Ей казалось, она кричит уже целую вечность, и ее зов должен быть слышен по всему кораблю — настолько очевидно тонкими были переборки палубной надстройки, однако ничего не изменилось, и равнодушная тишина по-прежнему была ответом на ее мольбы о свободе и призывы о помощи.
Это было дежавю! Она опять заперта в каюте на чужом корабле и плывет в неизвестном направлении! Такое ей могло разве что присниться — снова враждебное открытое море и рискованно скользящий по волнам чайный клипер, снова неизвестность и таинственные похитители, которые не желали объявиться и держали ее в неведении и ужасе перед будущим.
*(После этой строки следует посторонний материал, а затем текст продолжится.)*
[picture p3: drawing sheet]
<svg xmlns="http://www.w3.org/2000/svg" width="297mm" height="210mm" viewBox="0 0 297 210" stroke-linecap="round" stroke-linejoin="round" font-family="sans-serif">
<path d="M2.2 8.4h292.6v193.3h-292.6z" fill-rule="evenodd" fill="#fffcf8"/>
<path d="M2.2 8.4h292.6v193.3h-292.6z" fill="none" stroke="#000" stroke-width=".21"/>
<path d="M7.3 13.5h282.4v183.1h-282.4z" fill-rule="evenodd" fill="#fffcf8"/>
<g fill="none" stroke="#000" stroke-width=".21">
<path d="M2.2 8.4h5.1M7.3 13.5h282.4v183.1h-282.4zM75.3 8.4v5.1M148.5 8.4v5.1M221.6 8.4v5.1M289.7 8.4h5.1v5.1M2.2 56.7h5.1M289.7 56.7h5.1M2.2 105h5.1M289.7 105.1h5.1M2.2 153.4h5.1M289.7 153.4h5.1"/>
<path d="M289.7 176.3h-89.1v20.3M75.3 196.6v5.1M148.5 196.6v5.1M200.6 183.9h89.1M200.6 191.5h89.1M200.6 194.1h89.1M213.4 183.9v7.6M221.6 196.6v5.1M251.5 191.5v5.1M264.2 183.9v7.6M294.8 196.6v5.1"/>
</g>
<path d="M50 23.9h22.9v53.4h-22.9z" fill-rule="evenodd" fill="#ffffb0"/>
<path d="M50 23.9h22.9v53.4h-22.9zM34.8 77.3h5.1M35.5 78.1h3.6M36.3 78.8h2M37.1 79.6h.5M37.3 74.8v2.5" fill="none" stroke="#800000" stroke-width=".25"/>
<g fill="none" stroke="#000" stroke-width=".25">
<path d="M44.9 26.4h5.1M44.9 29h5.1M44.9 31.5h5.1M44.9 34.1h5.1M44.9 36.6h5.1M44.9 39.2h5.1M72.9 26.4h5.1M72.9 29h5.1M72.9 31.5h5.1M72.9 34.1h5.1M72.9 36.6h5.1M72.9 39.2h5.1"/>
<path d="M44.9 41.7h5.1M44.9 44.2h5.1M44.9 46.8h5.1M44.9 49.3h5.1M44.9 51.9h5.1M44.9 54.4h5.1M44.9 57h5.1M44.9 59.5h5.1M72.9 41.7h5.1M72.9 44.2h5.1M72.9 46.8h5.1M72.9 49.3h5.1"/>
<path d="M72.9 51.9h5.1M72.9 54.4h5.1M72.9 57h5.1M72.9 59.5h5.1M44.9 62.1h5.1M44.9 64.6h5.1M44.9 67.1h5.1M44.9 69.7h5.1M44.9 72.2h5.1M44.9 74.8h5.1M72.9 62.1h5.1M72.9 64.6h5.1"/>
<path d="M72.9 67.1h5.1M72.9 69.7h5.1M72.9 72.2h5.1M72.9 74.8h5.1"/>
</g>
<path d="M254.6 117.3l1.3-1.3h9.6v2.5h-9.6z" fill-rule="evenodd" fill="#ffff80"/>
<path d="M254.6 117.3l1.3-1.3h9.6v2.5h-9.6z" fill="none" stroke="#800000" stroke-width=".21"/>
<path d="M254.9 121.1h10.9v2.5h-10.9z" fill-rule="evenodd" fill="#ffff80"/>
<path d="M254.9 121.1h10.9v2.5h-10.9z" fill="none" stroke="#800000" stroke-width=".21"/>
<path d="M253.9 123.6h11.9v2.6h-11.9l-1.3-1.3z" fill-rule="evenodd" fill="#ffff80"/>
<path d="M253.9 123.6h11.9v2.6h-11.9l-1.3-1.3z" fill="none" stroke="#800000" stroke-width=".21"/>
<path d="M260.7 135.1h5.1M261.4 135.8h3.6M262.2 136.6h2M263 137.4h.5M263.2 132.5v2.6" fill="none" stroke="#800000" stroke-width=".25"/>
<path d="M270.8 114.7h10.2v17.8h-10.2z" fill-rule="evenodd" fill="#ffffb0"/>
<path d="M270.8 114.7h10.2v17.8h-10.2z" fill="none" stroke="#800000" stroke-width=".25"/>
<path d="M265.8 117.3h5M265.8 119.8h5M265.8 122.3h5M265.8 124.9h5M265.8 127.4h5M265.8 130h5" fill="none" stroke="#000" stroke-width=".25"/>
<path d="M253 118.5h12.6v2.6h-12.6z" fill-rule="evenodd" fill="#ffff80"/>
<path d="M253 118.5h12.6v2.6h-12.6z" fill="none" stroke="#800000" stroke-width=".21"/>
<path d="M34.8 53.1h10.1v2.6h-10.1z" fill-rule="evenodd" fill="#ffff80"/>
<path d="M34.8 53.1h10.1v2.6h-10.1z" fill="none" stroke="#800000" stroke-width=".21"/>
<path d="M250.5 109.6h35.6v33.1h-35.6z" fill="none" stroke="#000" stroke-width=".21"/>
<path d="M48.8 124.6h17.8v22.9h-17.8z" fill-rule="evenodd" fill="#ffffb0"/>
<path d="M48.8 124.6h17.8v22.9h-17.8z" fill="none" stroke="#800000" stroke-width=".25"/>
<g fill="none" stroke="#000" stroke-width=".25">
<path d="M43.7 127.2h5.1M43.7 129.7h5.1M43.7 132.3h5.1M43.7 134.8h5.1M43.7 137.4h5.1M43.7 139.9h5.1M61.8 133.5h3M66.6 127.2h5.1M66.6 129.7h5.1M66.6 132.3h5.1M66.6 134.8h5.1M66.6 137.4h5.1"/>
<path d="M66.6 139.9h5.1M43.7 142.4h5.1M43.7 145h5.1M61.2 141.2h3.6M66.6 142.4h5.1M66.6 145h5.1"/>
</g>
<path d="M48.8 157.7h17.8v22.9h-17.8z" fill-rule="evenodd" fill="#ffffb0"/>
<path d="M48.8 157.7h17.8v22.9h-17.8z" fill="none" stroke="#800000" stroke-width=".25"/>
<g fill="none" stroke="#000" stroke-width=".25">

Воистину наваждение!..
Анна, наконец, оставила свое занятие, осознав его бессмысленность, и со стоном опустилась на привинченную к стене кубрика койку, схватившись руками за голову — все случилось так внезапно и необъяснимо! Она и без того была угнетена происходящим с нею после памятного разговора с Ван Виртом. Анна как будто вернулась во времена, пусть кратко, но ощутимо и болезненно ломавшие привычные ей с детства представления о жизни. Когда Двугорское ненадолго оказалось во власти Марии Алексеевны Долгорукой, Анна в полной мере ощутила на себе гнет крепостной зависимости — ни ее воля, ни ее желание более не имели значения и всем распоряжались своенравная и жестокая хозяйка, и ее омерзительный управляющий. Но если тогда ее судьбу решала прихоть одного человека, то сейчас ее будущее определялось соображениями государственными, что, однако, не облегчало ее переживаний, а наоборот — усугубляло их, ибо в одночасье она сделалась заключенной.